The great season of Lent is upon us. It’s a season of penance that is meant to call us to deeper conversion and put us more in touch with Jesus our Lord and the events by which he made salvation and life forever with him possible. It’s a beautiful season of examination for us in which we are to make concrete steps to root out the things in our life that are not of God. As great as this time of year is though, I must admit that there is always part of me that does not look forward to it. The idea of making some act of sacrifice, giving up something, doing some extra spiritual practice or act of charity outside of our normal routine for all the weeks of Lent can be a little daunting. In fact, throughout the season, many of us experience some degree of failure in keeping our intended observance. While it’s not a bad thing to experience some failure (for humility’s sake) in our Lenten observance, we may still wonder what we can reasonable do throughout the whole season of Lent so that it may be truly fruitful for us.

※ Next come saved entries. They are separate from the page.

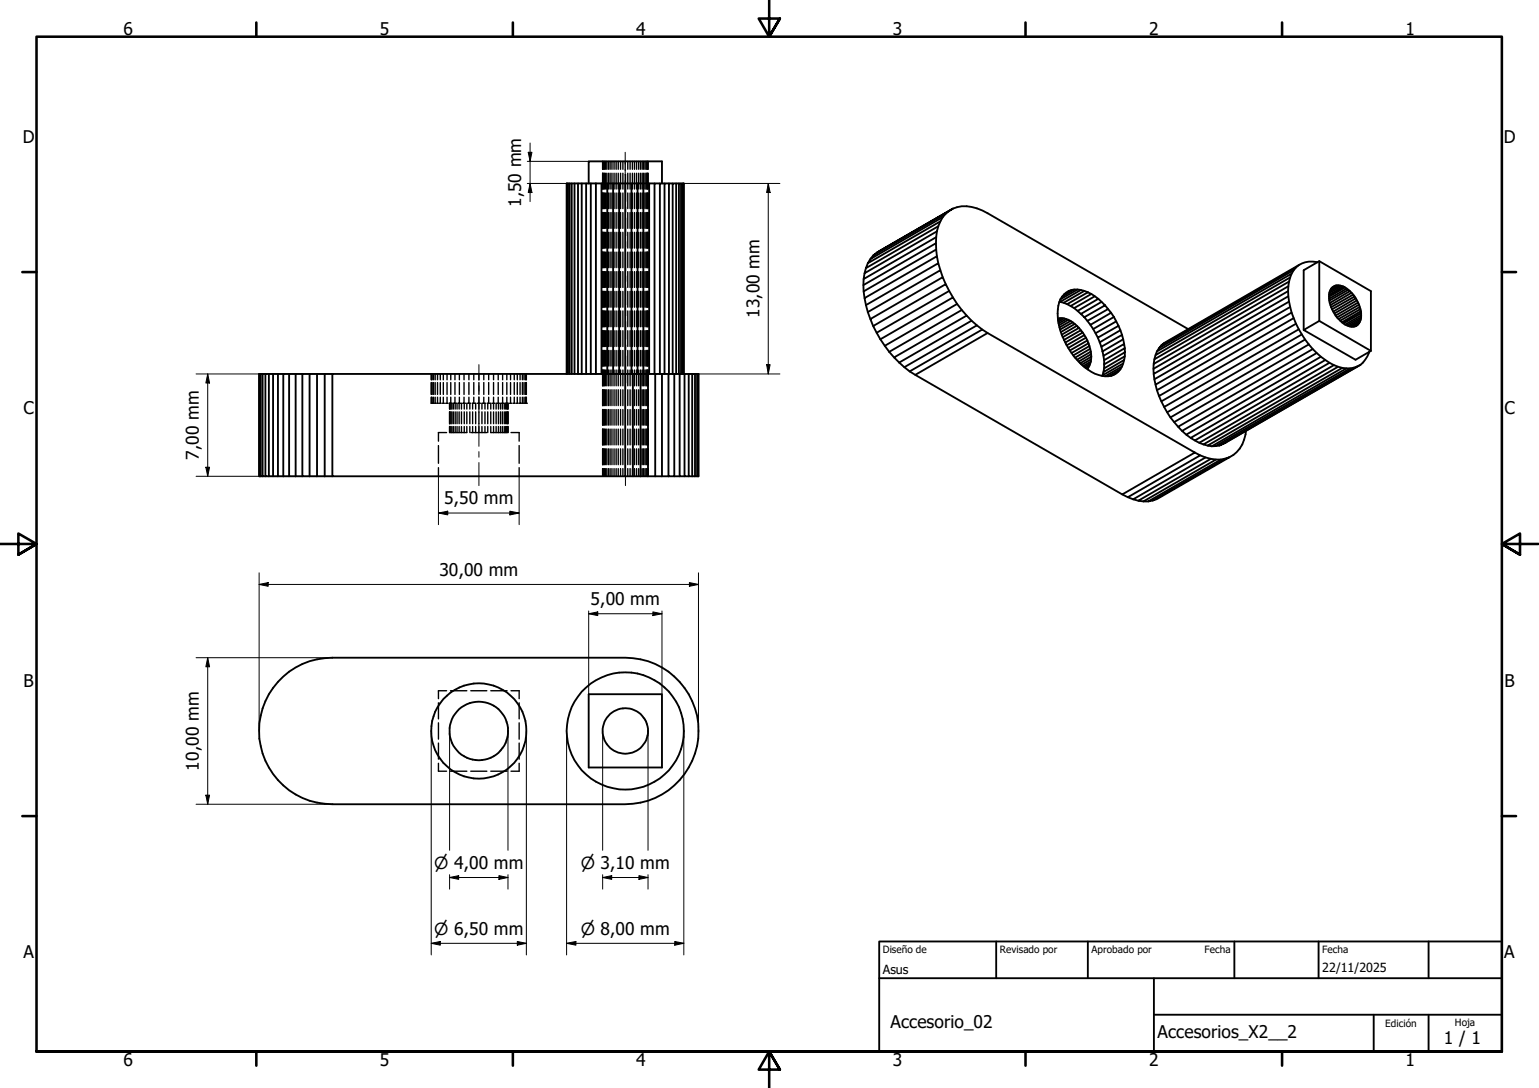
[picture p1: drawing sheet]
<svg xmlns="http://www.w3.org/2000/svg" width="420mm" height="297mm" viewBox="0 0 420 297" stroke-linecap="round" stroke-linejoin="round" font-family="sans-serif">
<!-- layer: Oculto (ISO) -->
<g fill="none" stroke="#000" stroke-width=".38">
<path d="M164.5 44.1v2.1M164.5 47.3v4.3M164.5 52.7v4.2M164.5 58v4.3M164.7 44.1v2.1M164.7 47.3v4.3M164.7 52.7v4.2M164.7 58v4.3M164.8 44.1v2.1M164.8 47.3v4.3M164.8 52.7v4.2M164.8 58v4.3"/>
<path d="M165 44.1v2.1M165 47.3v4.3M165 52.7v4.2M165 58v4.3M165.4 44.1v2.1M165.4 47.3v4.3M165.4 52.7v4.2M165.4 58v4.3M165.7 44.1v2.1M165.7 47.3v4.3M165.7 52.7v4.2M165.7 58v4.3"/>
<path d="M166.1 44.1v2.1M166.1 47.3v4.3M166.1 52.7v4.2M166.1 58v4.3M166.6 44.1v2.1M166.6 47.3v4.3M166.6 52.7v4.2M166.6 58v4.3M167.1 44.1v2.1M167.1 47.3v4.3M167.1 52.7v4.2M167.1 58v4.3"/>
<path d="M167.6 44.1v2.1M167.6 47.3v4.3M167.6 52.7v4.2M167.6 58v4.3M168.2 44.1v2.1M168.2 47.3v4.3M168.2 52.7v4.2M168.2 58v4.3M168.8 44.1v2.1M168.8 47.3v4.3M168.8 52.7v4.2M168.8 58v4.3"/>
<path d="M169.4 44.1v2.1M169.4 47.3v4.3M169.4 52.7v4.2M169.4 58v4.3M170.1 44.1v2.1M170.1 47.3v4.3M170.1 52.7v4.2M170.1 58v4.3M170.7 44.1v2.4M170.7 47.7v2.4M171.4 44.1v2.1M171.4 47.3v4.3"/>
<path d="M171.4 52.7v4.2M171.4 58v4.3M172 44.1v2.1M172 47.3v4.3M172 52.7v4.2M172 58v4.3M172.7 44.1v2.1M172.7 47.3v4.3M172.7 52.7v4.2M172.7 58v4.3M173.2 44.1v2.1M173.2 47.3v4.3"/>
<path d="M173.2 52.7v4.2M173.2 58v4.3M173.8 44.1v2.1M173.8 47.3v4.3M173.8 52.7v4.2M173.8 58v4.3M174.4 44.1v2.1M174.4 47.3v4.3M174.4 52.7v4.2M174.4 58v4.3M174.9 44.1v2.1M174.9 47.3v4.3"/>
<path d="M174.9 52.7v4.2M174.9 58v4.3M175.3 44.1v2.1M175.3 47.3v4.3M175.3 52.7v4.2M175.3 58v4.3M175.7 44.1v2.1M175.7 47.3v4.3M175.7 52.7v4.2M175.7 58v4.3M176.1 44.1v2.1M176.1 47.3v4.3"/>
<path d="M176.1 52.7v4.2M176.1 58v4.3M176.4 44.1v2.1M176.4 47.3v4.3M176.4 52.7v4.2M176.4 58v4.3M176.6 44.1v2.1M176.6 47.3v4.3M176.6 52.7v4.2M176.6 58v4.3M176.8 44.1v2.1M176.8 47.3v4.3"/>
<path d="M176.8 52.7v4.2M176.8 58v4.3M176.9 44.1v2.1M176.9 47.3v4.3M176.9 52.7v4.2M176.9 58v4.3M164.5 63.4v4.3M164.5 68.8v4.3M164.5 74.2v4.3M164.5 79.6v4.3M164.7 63.4v4.3M164.7 68.8v4.3"/>
<path d="M164.7 74.2v4.3M164.7 79.6v4.3M164.8 63.4v4.3M164.8 68.8v4.3M164.8 74.2v4.3M164.8 79.6v4.3M165 63.4v4.3M165 68.8v4.3M165 74.2v4.3M165 79.6v4.3M165.4 63.4v4.3M165.4 68.8v4.3"/>
<path d="M165.4 74.2v4.3M165.4 79.6v4.3M165.7 63.4v4.3M165.7 68.8v4.3M165.7 74.2v4.3M165.7 79.6v4.3M166.1 63.4v4.3M166.1 68.8v4.3M166.1 74.2v4.3M166.1 79.6v4.3M166.6 63.4v4.3M166.6 68.8v4.3"/>
<path d="M166.6 74.2v4.3M166.6 79.6v4.3M167.1 63.4v4.3M167.1 68.8v4.3M167.1 74.2v4.3M167.1 79.6v4.3M167.6 63.4v4.3M167.6 68.8v4.3M167.6 74.2v4.3M167.6 79.6v4.3M168.2 63.4v4.3M168.2 68.8v4.3"/>
<path d="M168.2 74.2v4.3M168.2 79.6v4.3M168.8 63.4v4.3M168.8 68.8v4.3M168.8 74.2v4.3M168.8 79.6v4.3M169.4 63.4v4.3M169.4 68.8v4.3M169.4 74.2v4.3M169.4 79.6v4.3M170.1 63.4v4.3M170.1 68.8v4.3"/>
<path d="M170.1 74.2v4.3M170.1 79.6v4.3M171.4 63.4v4.3M171.4 68.8v4.3M171.4 74.2v4.3M171.4 79.6v4.3M172 63.4v4.3M172 68.8v4.3M172 74.2v4.3M172 79.6v4.3M172.7 63.4v4.3M172.7 68.8v4.3"/>
<path d="M172.7 74.2v4.3M172.7 79.6v4.3M173.2 63.4v4.3M173.2 68.8v4.3M173.2 74.2v4.3M173.2 79.6v4.3M173.8 63.4v4.3M173.8 68.8v4.3M173.8 74.2v4.3M173.8 79.6v4.3M174.4 63.4v4.3M174.4 68.8v4.3"/>
<path d="M174.4 74.2v4.3M174.4 79.6v4.3M174.9 63.4v4.3M174.9 68.8v4.3M174.9 74.2v4.3M174.9 79.6v4.3M175.3 63.4v4.3M175.3 68.8v4.3M175.3 74.2v4.3M175.3 79.6v4.3M175.7 63.4v4.3M175.7 68.8v4.3"/>
<path d="M175.7 74.2v4.3M175.7 79.6v4.3M176.1 63.4v4.3M176.1 68.8v4.3M176.1 74.2v4.3M176.1 79.6v4.3M176.4 63.4v4.3M176.4 68.8v4.3M176.4 74.2v4.3M176.4 79.6v4.3M176.6 63.4v4.3M176.6 68.8v4.3"/>
<path d="M176.6 74.2v4.3M176.6 79.6v4.3M176.8 63.4v4.3M176.8 68.8v4.3M176.8 74.2v4.3M176.8 79.6v4.3M176.9 63.4v4.3M176.9 68.8v4.3M176.9 74.2v4.3M176.9 79.6v4.3M164.5 84.9v4.3M164.5 90.3v4.3"/>
<path d="M164.5 95.7v4.2M164.7 84.9v4.3M164.7 90.3v4.3M164.7 95.7v4.2M164.8 84.9v4.3M164.8 90.3v4.3M164.8 95.7v4.2M165 84.9v4.3M165 90.3v4.3M165 95.7v4.2M165.4 84.9v4.3M165.4 90.3v4.3"/>
<path d="M165.4 95.7v4.2M165.7 84.9v4.3M165.7 90.3v4.3M165.7 95.7v4.2M166.1 84.9v4.3M166.1 90.3v4.3M166.1 95.7v4.2M166.6 84.9v4.3M166.6 90.3v4.3M166.6 95.7v4.2M167.1 84.9v4.3M167.1 90.3v4.3"/>
<path d="M167.1 95.7v4.2M167.6 84.9v4.3M167.6 90.3v4.3M167.6 95.7v4.2M168.2 84.9v4.3M168.2 90.3v4.3M168.2 95.7v4.2M168.8 84.9v4.3M168.8 90.3v4.3M168.8 95.7v4.2M169.4 84.9v4.3M169.4 90.3v4.3"/>
<path d="M169.4 95.7v4.2M170.1 84.9v4.3M170.1 90.3v4.3M170.1 95.7v4.2M171.4 84.9v4.3M171.4 90.3v4.3M171.4 95.7v4.2M172 84.9v4.3M172 90.3v4.3M172 95.7v4.2M172.7 84.9v4.3M172.7 90.3v4.3"/>
<path d="M172.7 95.7v4.2M173.2 84.9v4.3M173.2 90.3v4.3M173.2 95.7v4.2M173.8 84.9v4.3M173.8 90.3v4.3M173.8 95.7v4.2M174.4 84.9v4.3M174.4 90.3v4.3M174.4 95.7v4.2M174.9 84.9v4.3M174.9 90.3v4.3"/>
<path d="M174.9 95.7v4.2M175.3 84.9v4.3M175.3 90.3v4.3M175.3 95.7v4.2M175.7 84.9v4.3M175.7 90.3v4.3M175.7 95.7v4.2M176.1 84.9v4.3M176.1 90.3v4.3M176.1 95.7v4.2M176.4 84.9v4.3M176.4 90.3v4.3"/>
<path d="M176.4 95.7v4.2M176.6 84.9v4.3M176.6 90.3v4.3M176.6 95.7v4.2M176.8 84.9v4.3M176.8 90.3v4.3M176.8 95.7v4.2M176.9 84.9v4.3M176.9 90.3v4.3M176.9 95.7v4.2M117.7 102.1v1.6M117.7 104.4v3.3"/>
<path d="M117.7 108.4v1.7M117.8 108.4v1.7h.3M117.8 102.1v1.6M117.8 104.4v3.3M118 102.1v1.6M118 104.4v3.3M118 108.4v1.7M118.2 110.1h.3M118.4 102.1v1.6M118.4 104.4v3.3M118.4 108.4v1.7M118.7 110.1h.4"/>
<path d="M118.8 102.1v1.6M118.8 104.4v3.3M118.8 108.4v1.7M119.3 110.1h.4M119.4 102.1v1.6M119.4 104.4v3.3M119.4 108.4v1.7M120 110.1h.5M120.2 102.1v1.6M120.2 104.4v3.3M120.2 108.4v1.7M120.8 110.1h.5"/>
<path d="M121 102.1v1.6M121 104.4v3.3M121 108.4v1.7M121.7 110.1h.7M121.9 118.1h-2.2v2.3M122 102.1v1.6M122 104.4v3.3M122 108.4v1.7M122.7 112.4v3.3M122.7 116.4v1.7M122.9 110.1v1.6M122.9 112.4v3.3"/>
<path d="M122.9 116.4v1.7M123.1 108.4v1.7h-.4v1.6M123.1 110.1h.3M123.1 102.1v1.6M123.1 104.4v3.3M123.1 110.1v1.6M123.1 112.4v3.3M123.1 116.4v1.7M123.4 110.1v1.6M123.4 112.4v3.3M123.4 116.4v1.7M123.8 110.1v1.6"/>
<path d="M123.8 112.4v3.3M123.8 116.4v1.7M124.2 108.4v1.7h-.4M124.2 110.1h.5M124.2 102.1v1.6M124.2 104.4v3.3M124.3 110.1v1.6M124.3 112.4v3.3M124.3 116.4v1.7M124.8 110.1v1.6M124.8 112.4v3.3M124.8 116.4v1.7"/>
<path d="M125.3 112.4v3.3M125.3 116.4v1.7M125.4 108.4v1.7h-.4M125.4 102.1v1.6M125.4 104.4v3.3M125.9 110.1h-.5l-.1 1.6M126 110.1v1.6M126 112.4v3.3M126 116.4v1.7M126.7 108.4v1.7h-.4M126.7 110.1h.4M126.7 102.1v1.6"/>
<path d="M126.7 104.4v3.3M126.7 110.1v1.6M126.7 112.4v3.3M126.7 116.4v1.7M127.4 116.4v1.7h-4.4M127.4 110.1v1.6M127.4 112.4v3.3M128 108.4v1.7h-.4M128 110.1h.5M128 102.1v1.6M128 104.4v3.3M128.3 110.1v1.6"/>
<path d="M128.3 112.4v3.3M128.3 116.4v1.7M128.5 118.1h4.4M128.9 110.1h.9M129 110.1v1.6M129 112.4v3.3M129 116.4v1.7M129.3 102.1v1.6M129.3 104.4v3.3M129.3 108.4v1.7M129.9 110.1v1.6M129.9 112.4v3.3"/>
<path d="M129.9 116.4v1.7M130.7 108.4v1.7h-.5M130.7 102.1v1.6M130.7 104.4v3.3M130.7 112.4v3.3M130.7 116.4v1.7M131.2 110.1h-.5v1.6M131.6 110.1v1.6M131.6 112.4v3.3M131.6 116.4v1.7M131.6 110.1h.9M132.1 102.1v1.6"/>
<path d="M132.1 104.4v3.3M132.1 108.4v1.7M132.4 110.1v1.6M132.4 112.4v3.3M132.4 116.4v1.7M133.2 110.1v1.6M133.2 112.4v3.3M133.2 116.4v1.7M133.4 108.4v1.7h-.4M133.4 110.1h.5M133.4 102.1v1.6M133.4 104.4v3.3"/>
<path d="M134 116.4v1.7h4.4M134 110.1v1.6M134 112.4v3.3M134.3 110.1h.8M134.7 102.1v1.6M134.7 104.4v3.3M134.7 108.4v3.3M134.7 112.4v3.3M134.7 116.4v1.7M135.4 110.1v1.6M135.4 112.4v3.3M135.4 116.4v1.7"/>
<path d="M135.6 110.1h.8M136 102.1v1.6M136 104.4v3.3M136 108.4v1.7M136.1 110.1v1.6M136.1 112.4v3.3M136.1 116.4v1.7M136.7 110.1v1.6M136.7 112.4v3.3M136.7 116.4v1.7M137.2 110.1v1.6M137.2 112.4v3.3"/>
<path d="M137.2 116.4v1.7M137.2 108.4v1.7h-.4M137.2 110.1h.4M137.2 102.1v1.6M137.2 104.4v3.3M137.7 110.1v1.6M137.7 112.4v3.3M137.7 116.4v1.7M138 110.1h.7v1.6M138 110.1v1.6M138 112.4v3.3M138 116.4v1.7"/>
<path d="M138.3 110.1v1.6M138.3 112.4v3.3M138.3 116.4v1.7M138.4 102.1v1.6M138.4 104.4v3.3M138.4 108.4v1.7M138.6 110.1v1.6M138.6 112.4v3.3M138.6 116.4v1.7M138.7 112.4v3.3M138.7 116.4v1.7M139.1 110.1h.7"/>
<path d="M139.4 102.1v1.6M139.4 104.4v3.3M139.4 108.4v1.7M139.5 118.1h2.2v2.3M140.1 110.1h.6M140.4 102.1v1.6M140.4 104.4v3.3M140.4 108.4v1.7M141 110.1h.5M141.2 102.1v1.6M141.2 104.4v3.3M141.2 108.4v1.7"/>
<path d="M141.7 110.1h.3M142 108.4v1.7h.2M142 102.1v1.6M142 104.4v3.3M142.4 110.1h.2M142.6 108.4l.1 1.7M142.6 102.1v1.6M142.6 104.4v3.3M142.9 110.1h.3M143.1 102.1v1.6M143.1 104.4v3.3M143.1 108.4v1.7"/>
<path d="M143.3 110.1h.1M143.4 108.4l.1 1.7M143.4 102.1v1.6M143.4 104.4v3.3M143.6 108.4v1.7M143.6 102.1v1.6M143.6 104.4v3.3M164.5 101v4.3M164.5 106.4v4.3M164.5 111.8v4.3M164.5 117.1v4.4M164.7 101v4.3"/>
<path d="M164.7 106.4v4.3M164.7 111.8v4.3M164.7 117.1v4.4M164.8 101v4.3M164.8 106.4v4.3M164.8 111.8v4.3M164.8 117.1v4.4M165 101v4.3M165 106.4v4.3M165 111.8v4.3M165 117.1v4.4M165.4 101v4.3"/>
<path d="M165.4 106.4v4.3M165.4 111.8v4.3M165.4 117.1v4.4M165.7 101v4.3M165.7 106.4v4.3M165.7 111.8v4.3M165.7 117.1v4.4M166.1 101v4.3M166.1 106.4v4.3M166.1 111.8v4.3M166.1 117.1v4.4M166.6 101v4.3"/>
<path d="M166.6 106.4v4.3M166.6 111.8v4.3M166.6 117.1v4.4M167.1 101v4.3M167.1 106.4v4.3M167.1 111.8v4.3M167.1 117.1v4.4M167.6 101v4.3M167.6 106.4v4.3M167.6 111.8v4.3M167.6 117.1v4.4M168.2 101v4.3"/>
<path d="M168.2 106.4v4.3M168.2 111.8v4.3M168.2 117.1v4.4M168.8 101v4.3M168.8 106.4v4.3M168.8 111.8v4.3M168.8 117.1v4.4M169.4 101v4.3M169.4 106.4v4.3M169.4 111.8v4.3M169.4 117.1v4.4M170.1 101v4.3"/>
<path d="M170.1 106.4v4.3M170.1 111.8v4.3M170.1 117.1v4.4M171.4 101v4.3M171.4 106.4v4.3M171.4 111.8v4.3M171.4 117.1v4.4M172 101v4.3M172 106.4v4.3M172 111.8v4.3M172 117.1v4.4M172.7 101v4.3"/>
<path d="M172.7 106.4v4.3M172.7 111.8v4.3M172.7 117.1v4.4M173.2 101v4.3M173.2 106.4v4.3M173.2 111.8v4.3M173.2 117.1v4.4M173.8 101v4.3M173.8 106.4v4.3M173.8 111.8v4.3M173.8 117.1v4.4M174.4 101v4.3"/>
<path d="M174.4 106.4v4.3M174.4 111.8v4.3M174.4 117.1v4.4M174.9 101v4.3M174.9 106.4v4.3M174.9 111.8v4.3M174.9 117.1v4.4M175.3 101v4.3M175.3 106.4v4.3M175.3 111.8v4.3M175.3 117.1v4.4M175.7 101v4.3"/>
<path d="M175.7 106.4v4.3M175.7 111.8v4.3M175.7 117.1v4.4M176.1 101v4.3M176.1 106.4v4.3M176.1 111.8v4.3M176.1 117.1v4.4M176.4 101v4.3M176.4 106.4v4.3M176.4 111.8v4.3M176.4 117.1v4.4M176.6 101v4.3"/>
<path d="M176.6 106.4v4.3M176.6 111.8v4.3M176.6 117.1v4.4M176.8 101v4.3M176.8 106.4v4.3M176.8 111.8v4.3M176.8 117.1v4.4M176.9 101v4.3M176.9 106.4v4.3M176.9 111.8v4.3M176.9 117.1v4.4M119.7 121.7v4.8"/>
<path d="M119.7 127.7v2.3M141.7 121.7v4.8M141.7 127.7v2.3M164.5 122.5v4.4M164.5 127.9v2.1M164.7 122.5v4.4M164.7 127.9v2.1M164.8 122.5v4.4M164.8 127.9v2.1M165 122.5v4.4M165 127.9v2.1M165.4 122.5v4.4"/>
<path d="M165.4 127.9v2.1M165.7 122.5v4.4M165.7 127.9v2.1M166.1 122.5v4.4M166.1 127.9v2.1M166.6 122.5v4.4M166.6 127.9v2.1M167.1 122.5v4.4M167.1 127.9v2.1M167.6 122.5v4.4M167.6 127.9v2.1M168.2 122.5v4.4"/>
<path d="M168.2 127.9v2.1M168.8 122.5v4.4M168.8 127.9v2.1M169.4 122.5v4.4M169.4 127.9v2.1M170.1 122.5v4.4M170.1 127.9v2.1M171.4 122.5v4.4M171.4 127.9v2.1M172 122.5v4.4M172 127.9v2.1M172.7 122.5v4.4"/>
<path d="M172.7 127.9v2.1M173.2 122.5v4.4M173.2 127.9v2.1M173.8 122.5v4.4M173.8 127.9v2.1M174.4 122.5v4.4M174.4 127.9v2.1M174.9 122.5v4.4M174.9 127.9v2.1M175.3 122.5v4.4M175.3 127.9v2.1M175.7 122.5v4.4"/>
<path d="M175.7 127.9v2.1M176.1 122.5v4.4M176.1 127.9v2.1M176.4 122.5v4.4M176.4 127.9v2.1M176.6 122.5v4.4M176.6 127.9v2.1M176.8 122.5v4.4M176.8 127.9v2.1M176.9 122.5v4.4M176.9 127.9v2.1M119.7 191.9v4.4"/>
<path d="M119.7 197.3v4.5M121.9 188.6h-2.2v2.1M123 188.6h4.4M128.5 188.6h4.4M134 188.6h4.4M139.5 188.6h2.2v2.1M141.7 191.9v4.4M141.7 197.3v4.5M119.7 208.4v2.2h2.2M119.7 202.9v4.3M123 210.6h4.4M128.5 210.6h4.4"/>
<path d="M134 210.6h4.4M141.7 208.4v2.2h-2.2M141.7 202.9v4.3"/>
</g>
<!-- layer: Visible (ISO) -->
<g fill="none" stroke="#000" stroke-width=".51">
<path d="M154.8 50.1v52M155.1 50.1v52M155.5 50.1v52M156.1 50.1v52M156.8 50.1v52M157.8 50.1v52M158.8 50.1v52M160 50.1v52M160.7 50.1v-6h20v6M161.3 50.1v52M162.7 50.1h16M162.7 50.1h-8v52"/>
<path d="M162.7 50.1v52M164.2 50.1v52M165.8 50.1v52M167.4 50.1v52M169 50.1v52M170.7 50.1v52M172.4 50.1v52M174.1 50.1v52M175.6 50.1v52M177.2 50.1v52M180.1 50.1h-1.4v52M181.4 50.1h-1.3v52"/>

Well, who says we must do one thing throughout the whole season? Perhaps there are different things we can do – perhaps something different each week. I’d like to borrow a few great suggestions offered by our very own Bishop Callahan last year at this time, plus a few others:
1st Week - Contemplate your baptism. Everybody knows their birthday, but very few people know the date (or even place) of their baptism. That’s a shame, because the date of our baptism marks the beginning of the indwelling of the Holy Trinity within our souls – the moment when we were given a new and permanent supernatural identity. Find your baptismal certificate and display it in a place in which it will serve as a spiritual reminder to you. In your prayer each day, reflect on the fact that you are a son or daughter of God, and reflect on the spiritual journey of your life up to the present. What has works God done and how has he been present throughout your life, both in the joys and sorrows? The joy you find in your baptism should be connected to the joy of Easter to come.
2nd Week - Do some spiritual practice or activity. Take up some special prayer or devotion that you don’t often do – perhaps the Rosary or the Divine Mercy Chaplet. Go to daily Mass throughout the week if it is at a time you are able to go. Read about the life of a particular saint and develop a relationship with them to assist you in your walk with the Lord.
3rd Week - Corporal Works of Mercy. Since we are in the Holy Year of Mercy, focus on performing one or more of these corporal works: feed the hungry, give drink to the thirsty, clothe the naked, shelter the homeless, visit the sick, visit the imprisoned, bury the dead.
4th Week - Spiritual Works of Mercy. Focus on performing one or more of these spiritual works: admonish the sinner, instruct the ignorant, counsel the doubtful, bear wrongs patiently, forgive offenses willingly, comfort the afflicted, pray for the living and the dead.
5th Week - Learn more about your faith. Dedicate time each day to reading the Scriptures, a portion of the Catechism, or some other catechetical book. Check out the Lighthouse Media Kiosk or website.
6th Week - Fully engage Holy Week. Attend as many of the Holy Week liturgies as you are able. Read the Passion narratives beforehand and place yourself in them. Of all the persons mentioned in the narratives, whom do you identify with most?